第22話 ライブの感想話そうと思って接近したら、「髪切った?」って先制されて、そのあと美容院トークをした凡オタクの話


 〇


 相武を待っている間、さっきまでのお渡し会の内容を思い返しながら、次のアニメでは、彼女はどのような演技をするのかしら、とか、とりとめもなく思いを馳せていた。


 以前観た作品では、気弱そうな女学生の役どころで、それにぴったりのハマリ役だった。

 途中まで原作小説を読んでいた感じでは、今回の作品では、勝気な性格のキャラクターの役で、ずいぶんの毛色が違う。


 声優なのだから、役どころによって異なる声質を演じるのは当然の能力。それを想像するのは、面白い。

 相武が、アニメに、声優にハマっているのが、すこし分かったような気がした。


「おお、相武。早かったな」

「ん……あ、ああ……」


 さほどもしない内に、店舗から出てきた相武は、心ここに在らず、浮き足立っているような有様だった。


「ど、どうした?」

「いや……僕の中でも、いまいろいろな感情がせめぎ合っていてだな……」

「そ、そうか。そういえばみゅーポン、お前のこと覚えてたみたいだぞ」

「ああ。みゅーポンから、聞いた」


 そのままふらふらと歩き出し、目の前でピタリと停まった相武は、俺の方に手を置き、


「……そうだよ、みゅーポンから聞いたんだよ! みゅーポンから!!! 先制を食らって! おかげでせっかく仕込んでいたネタを、なにひとつ話せなかったじゃないか!」


 突然、スイッチが入ったみたいにまくしたて出し、同時に俺の体を前後左右に強かに揺さぶるもんだから、脳みそがシェイク、シェイク。

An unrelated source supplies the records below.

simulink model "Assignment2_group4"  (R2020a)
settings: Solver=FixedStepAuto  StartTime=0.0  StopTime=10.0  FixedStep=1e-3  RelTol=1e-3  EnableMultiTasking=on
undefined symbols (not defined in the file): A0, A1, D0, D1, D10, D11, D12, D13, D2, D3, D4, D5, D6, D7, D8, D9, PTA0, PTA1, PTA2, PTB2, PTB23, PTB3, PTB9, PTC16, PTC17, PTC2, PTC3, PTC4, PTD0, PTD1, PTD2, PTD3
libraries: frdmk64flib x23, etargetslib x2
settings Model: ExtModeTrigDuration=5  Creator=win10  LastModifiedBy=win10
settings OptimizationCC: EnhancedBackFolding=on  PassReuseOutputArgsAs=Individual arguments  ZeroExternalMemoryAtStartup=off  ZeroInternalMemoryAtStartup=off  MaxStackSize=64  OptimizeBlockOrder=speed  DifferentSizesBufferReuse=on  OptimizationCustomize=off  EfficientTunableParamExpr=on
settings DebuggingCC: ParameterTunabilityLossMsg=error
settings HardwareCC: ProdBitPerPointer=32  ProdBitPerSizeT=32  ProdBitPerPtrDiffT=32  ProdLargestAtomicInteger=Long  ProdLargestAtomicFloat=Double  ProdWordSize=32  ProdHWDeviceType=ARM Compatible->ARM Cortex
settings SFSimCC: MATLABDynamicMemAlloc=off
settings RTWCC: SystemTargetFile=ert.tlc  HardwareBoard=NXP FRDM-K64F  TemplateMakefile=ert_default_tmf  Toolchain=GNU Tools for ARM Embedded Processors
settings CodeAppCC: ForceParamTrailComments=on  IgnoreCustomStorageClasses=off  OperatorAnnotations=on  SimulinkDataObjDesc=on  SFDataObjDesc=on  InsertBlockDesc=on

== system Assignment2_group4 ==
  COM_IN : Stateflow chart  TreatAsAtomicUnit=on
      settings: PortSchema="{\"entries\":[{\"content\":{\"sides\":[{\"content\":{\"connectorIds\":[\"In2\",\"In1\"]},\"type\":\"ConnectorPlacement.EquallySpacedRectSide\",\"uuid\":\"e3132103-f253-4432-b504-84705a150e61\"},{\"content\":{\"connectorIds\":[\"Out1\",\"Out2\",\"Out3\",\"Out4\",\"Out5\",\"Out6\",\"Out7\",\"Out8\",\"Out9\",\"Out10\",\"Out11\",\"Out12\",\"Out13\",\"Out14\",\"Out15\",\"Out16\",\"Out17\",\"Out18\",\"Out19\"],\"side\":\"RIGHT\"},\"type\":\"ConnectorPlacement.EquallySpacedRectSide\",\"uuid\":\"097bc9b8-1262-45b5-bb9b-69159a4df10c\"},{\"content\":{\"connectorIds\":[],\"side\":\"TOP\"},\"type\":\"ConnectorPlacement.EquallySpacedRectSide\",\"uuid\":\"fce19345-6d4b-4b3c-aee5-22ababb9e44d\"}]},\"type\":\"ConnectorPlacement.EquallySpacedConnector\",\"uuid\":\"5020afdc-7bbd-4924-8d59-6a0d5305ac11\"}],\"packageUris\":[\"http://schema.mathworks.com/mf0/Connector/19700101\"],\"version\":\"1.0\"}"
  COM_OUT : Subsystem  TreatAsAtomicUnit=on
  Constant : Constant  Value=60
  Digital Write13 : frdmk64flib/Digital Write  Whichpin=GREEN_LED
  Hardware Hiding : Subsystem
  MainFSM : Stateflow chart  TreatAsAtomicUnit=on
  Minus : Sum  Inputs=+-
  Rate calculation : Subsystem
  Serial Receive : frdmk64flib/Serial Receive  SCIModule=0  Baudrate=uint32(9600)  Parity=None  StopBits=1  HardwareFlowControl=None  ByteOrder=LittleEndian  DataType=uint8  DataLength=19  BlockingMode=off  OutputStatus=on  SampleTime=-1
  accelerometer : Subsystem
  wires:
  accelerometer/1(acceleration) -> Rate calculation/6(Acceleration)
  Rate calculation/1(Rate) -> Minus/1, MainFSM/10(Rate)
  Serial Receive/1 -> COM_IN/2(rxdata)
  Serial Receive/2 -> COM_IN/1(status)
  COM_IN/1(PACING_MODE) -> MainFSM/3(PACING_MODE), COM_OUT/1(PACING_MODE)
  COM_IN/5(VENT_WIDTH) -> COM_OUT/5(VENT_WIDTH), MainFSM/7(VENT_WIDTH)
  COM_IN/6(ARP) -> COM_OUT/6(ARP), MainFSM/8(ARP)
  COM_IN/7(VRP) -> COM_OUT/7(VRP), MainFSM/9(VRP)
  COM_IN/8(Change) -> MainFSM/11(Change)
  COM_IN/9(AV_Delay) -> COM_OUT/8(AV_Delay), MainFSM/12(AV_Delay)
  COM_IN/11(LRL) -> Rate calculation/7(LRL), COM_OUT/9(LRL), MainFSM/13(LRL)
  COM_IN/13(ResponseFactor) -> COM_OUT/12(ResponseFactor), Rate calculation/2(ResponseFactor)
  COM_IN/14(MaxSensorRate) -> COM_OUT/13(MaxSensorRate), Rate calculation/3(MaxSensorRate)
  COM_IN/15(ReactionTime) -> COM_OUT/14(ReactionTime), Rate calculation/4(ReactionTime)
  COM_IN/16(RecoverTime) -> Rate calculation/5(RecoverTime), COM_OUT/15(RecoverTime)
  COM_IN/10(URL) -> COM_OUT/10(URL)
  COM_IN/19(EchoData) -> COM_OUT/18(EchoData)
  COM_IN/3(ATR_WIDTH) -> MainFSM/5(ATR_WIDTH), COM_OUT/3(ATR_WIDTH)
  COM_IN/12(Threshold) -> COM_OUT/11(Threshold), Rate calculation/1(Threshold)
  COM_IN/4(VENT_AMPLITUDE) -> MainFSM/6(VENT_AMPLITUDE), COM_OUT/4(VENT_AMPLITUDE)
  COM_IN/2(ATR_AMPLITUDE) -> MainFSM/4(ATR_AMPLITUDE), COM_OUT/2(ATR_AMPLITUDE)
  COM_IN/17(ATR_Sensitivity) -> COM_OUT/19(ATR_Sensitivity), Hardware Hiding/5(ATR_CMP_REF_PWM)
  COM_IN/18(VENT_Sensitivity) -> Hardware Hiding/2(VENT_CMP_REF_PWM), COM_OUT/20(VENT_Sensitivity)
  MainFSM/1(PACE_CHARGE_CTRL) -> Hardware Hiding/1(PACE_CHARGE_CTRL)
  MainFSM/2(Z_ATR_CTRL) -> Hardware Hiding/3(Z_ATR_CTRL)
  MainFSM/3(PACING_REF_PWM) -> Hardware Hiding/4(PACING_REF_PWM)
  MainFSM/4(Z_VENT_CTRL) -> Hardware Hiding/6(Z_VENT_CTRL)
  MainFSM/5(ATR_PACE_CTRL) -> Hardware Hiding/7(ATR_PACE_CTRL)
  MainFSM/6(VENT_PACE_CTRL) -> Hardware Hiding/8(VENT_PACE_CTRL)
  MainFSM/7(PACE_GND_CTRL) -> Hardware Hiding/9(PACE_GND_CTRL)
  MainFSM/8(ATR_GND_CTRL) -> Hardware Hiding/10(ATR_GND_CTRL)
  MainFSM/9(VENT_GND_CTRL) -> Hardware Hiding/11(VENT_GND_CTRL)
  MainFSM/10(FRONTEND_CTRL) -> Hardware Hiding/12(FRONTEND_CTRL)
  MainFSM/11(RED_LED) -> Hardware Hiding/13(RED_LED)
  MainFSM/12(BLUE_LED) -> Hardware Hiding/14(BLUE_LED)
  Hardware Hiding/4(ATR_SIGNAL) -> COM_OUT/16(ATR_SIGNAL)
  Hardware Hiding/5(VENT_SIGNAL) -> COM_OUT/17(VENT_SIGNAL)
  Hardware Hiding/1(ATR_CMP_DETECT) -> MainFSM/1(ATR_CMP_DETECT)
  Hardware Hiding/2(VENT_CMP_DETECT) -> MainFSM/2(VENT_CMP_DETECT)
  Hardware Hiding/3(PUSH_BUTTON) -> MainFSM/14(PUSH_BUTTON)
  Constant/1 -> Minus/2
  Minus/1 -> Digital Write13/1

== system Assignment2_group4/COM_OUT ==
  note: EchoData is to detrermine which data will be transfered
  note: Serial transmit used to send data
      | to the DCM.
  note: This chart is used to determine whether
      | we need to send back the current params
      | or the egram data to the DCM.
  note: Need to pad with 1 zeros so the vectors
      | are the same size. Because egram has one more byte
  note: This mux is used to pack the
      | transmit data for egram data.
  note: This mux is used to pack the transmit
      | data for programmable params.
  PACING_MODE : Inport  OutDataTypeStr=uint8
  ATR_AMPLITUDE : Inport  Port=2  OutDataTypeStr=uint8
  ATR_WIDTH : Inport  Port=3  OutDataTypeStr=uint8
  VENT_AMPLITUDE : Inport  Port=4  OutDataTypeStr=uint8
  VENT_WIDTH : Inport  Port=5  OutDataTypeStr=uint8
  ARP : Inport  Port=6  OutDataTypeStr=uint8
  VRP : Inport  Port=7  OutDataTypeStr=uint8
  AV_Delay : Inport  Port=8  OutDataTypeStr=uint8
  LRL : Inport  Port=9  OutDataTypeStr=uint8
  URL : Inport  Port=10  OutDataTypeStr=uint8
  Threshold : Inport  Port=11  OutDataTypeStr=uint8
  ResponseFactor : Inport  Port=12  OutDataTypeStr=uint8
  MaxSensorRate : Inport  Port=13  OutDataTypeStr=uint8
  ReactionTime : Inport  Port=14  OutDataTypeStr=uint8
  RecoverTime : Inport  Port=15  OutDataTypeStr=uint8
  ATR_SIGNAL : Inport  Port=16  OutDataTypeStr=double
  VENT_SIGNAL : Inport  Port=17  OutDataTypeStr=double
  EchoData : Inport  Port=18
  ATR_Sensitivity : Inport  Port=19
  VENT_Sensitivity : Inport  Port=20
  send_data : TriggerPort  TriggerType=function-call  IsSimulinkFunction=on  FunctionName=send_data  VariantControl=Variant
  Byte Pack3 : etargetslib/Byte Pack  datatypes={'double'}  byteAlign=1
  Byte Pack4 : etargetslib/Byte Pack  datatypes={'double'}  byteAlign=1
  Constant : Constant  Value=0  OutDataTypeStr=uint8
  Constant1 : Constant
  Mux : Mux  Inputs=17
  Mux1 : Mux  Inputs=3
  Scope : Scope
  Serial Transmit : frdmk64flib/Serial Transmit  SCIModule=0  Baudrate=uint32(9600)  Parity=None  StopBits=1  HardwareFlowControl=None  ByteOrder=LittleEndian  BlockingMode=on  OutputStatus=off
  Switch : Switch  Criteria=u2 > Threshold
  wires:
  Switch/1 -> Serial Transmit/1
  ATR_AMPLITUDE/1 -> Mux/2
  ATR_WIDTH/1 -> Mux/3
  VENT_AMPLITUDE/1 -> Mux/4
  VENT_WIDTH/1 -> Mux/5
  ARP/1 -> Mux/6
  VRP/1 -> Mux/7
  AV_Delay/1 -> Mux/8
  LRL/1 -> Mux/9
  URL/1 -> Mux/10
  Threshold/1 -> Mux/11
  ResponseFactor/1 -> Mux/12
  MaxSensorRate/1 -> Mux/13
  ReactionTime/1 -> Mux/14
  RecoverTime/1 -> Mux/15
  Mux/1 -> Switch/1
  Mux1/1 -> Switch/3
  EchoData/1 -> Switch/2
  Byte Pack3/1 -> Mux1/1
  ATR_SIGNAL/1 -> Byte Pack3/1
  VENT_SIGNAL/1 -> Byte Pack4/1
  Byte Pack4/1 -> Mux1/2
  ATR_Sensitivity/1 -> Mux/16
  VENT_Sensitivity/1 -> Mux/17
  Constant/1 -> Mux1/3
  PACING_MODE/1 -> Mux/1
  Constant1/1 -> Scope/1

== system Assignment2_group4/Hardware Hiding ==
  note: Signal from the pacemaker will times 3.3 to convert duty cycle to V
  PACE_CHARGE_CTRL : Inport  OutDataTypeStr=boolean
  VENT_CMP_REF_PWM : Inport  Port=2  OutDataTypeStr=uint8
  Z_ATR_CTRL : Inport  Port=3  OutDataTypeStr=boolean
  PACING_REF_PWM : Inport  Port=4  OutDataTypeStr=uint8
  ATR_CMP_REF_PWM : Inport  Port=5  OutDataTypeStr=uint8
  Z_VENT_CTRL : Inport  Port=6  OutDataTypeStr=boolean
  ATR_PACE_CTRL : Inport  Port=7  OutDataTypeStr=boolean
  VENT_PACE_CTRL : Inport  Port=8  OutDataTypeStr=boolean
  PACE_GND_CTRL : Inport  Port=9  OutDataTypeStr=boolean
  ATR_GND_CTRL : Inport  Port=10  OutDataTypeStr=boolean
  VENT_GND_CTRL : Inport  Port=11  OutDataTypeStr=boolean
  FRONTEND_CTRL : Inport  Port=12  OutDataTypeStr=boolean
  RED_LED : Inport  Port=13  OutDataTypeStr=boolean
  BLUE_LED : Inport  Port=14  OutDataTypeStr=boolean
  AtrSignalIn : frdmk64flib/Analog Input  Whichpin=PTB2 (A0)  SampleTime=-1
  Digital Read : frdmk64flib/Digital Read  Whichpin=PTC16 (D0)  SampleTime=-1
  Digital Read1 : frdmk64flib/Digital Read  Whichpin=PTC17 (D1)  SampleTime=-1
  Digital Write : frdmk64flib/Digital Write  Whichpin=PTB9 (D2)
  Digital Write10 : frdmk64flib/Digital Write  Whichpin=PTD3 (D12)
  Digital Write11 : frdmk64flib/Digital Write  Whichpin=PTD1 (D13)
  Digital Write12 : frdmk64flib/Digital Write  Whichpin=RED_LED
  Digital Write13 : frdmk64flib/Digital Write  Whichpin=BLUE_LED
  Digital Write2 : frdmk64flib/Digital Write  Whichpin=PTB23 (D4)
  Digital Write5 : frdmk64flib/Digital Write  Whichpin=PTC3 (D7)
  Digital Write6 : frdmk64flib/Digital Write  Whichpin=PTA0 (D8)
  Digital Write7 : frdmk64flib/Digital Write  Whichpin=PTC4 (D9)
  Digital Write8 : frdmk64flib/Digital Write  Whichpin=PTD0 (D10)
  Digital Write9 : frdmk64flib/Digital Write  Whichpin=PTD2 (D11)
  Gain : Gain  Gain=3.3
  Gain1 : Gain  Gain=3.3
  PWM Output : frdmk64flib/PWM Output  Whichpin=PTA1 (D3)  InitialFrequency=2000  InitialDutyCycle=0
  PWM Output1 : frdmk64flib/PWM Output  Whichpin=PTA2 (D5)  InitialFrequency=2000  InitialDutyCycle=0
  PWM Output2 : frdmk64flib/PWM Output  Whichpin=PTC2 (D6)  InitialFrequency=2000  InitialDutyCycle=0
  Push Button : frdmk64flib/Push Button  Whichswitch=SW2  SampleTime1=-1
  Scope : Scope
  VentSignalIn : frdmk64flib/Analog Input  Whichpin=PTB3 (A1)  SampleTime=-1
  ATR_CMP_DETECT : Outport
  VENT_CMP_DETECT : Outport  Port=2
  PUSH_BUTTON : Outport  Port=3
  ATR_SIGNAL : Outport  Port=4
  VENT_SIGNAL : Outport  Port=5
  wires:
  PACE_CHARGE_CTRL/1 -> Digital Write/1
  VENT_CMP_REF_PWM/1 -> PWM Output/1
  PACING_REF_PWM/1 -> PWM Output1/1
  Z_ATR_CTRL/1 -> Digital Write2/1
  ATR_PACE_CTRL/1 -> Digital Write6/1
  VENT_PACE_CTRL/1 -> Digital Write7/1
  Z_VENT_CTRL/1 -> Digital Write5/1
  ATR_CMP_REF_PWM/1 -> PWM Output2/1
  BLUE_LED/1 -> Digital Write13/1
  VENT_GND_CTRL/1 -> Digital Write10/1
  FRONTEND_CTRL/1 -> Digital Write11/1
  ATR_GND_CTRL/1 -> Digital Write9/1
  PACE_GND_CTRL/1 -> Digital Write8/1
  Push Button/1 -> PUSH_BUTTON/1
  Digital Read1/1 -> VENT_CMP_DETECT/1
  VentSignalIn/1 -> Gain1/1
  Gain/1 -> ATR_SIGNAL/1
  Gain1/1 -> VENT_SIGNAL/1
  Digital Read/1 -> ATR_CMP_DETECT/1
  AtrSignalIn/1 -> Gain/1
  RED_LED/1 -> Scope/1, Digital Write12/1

「おち、落ち着けって。みゅーポンの方から話しかけてもらったってことか? それなら良かったじゃないか」

「そうだ!!! 良かったんだよ! けど、そのせいで、話そうとしてた内容がぜんぶすっ飛んで、カカシ同然の凡接近だ!! しかも、お前がきっかけだということも知って! お前、この僕の微妙な気持ちが、お前に分かるか!?」

「力になれたんだったら、なによりだ」

「そうだ、その通りだ! ありがとう!!!」


 目元は怒りながら、口元は緩んでいるという器用な一芸を披露する相武。しばらく周りをうろうろしたかと思えば、急に俺の方に向き直って、


「今日は、僕はもう帰る。この気持ちの昂ぶりを鎮める。ついてくるなよ」


 そう言い放ち、すたすたと駅の方へ歩き去ってしまった。


 取り残される俺。なんと勝手な奴だと毒づきたくもなるが、あの相武が珍しい取り乱しっぷりだったので、ぐっと飲みこんでおく。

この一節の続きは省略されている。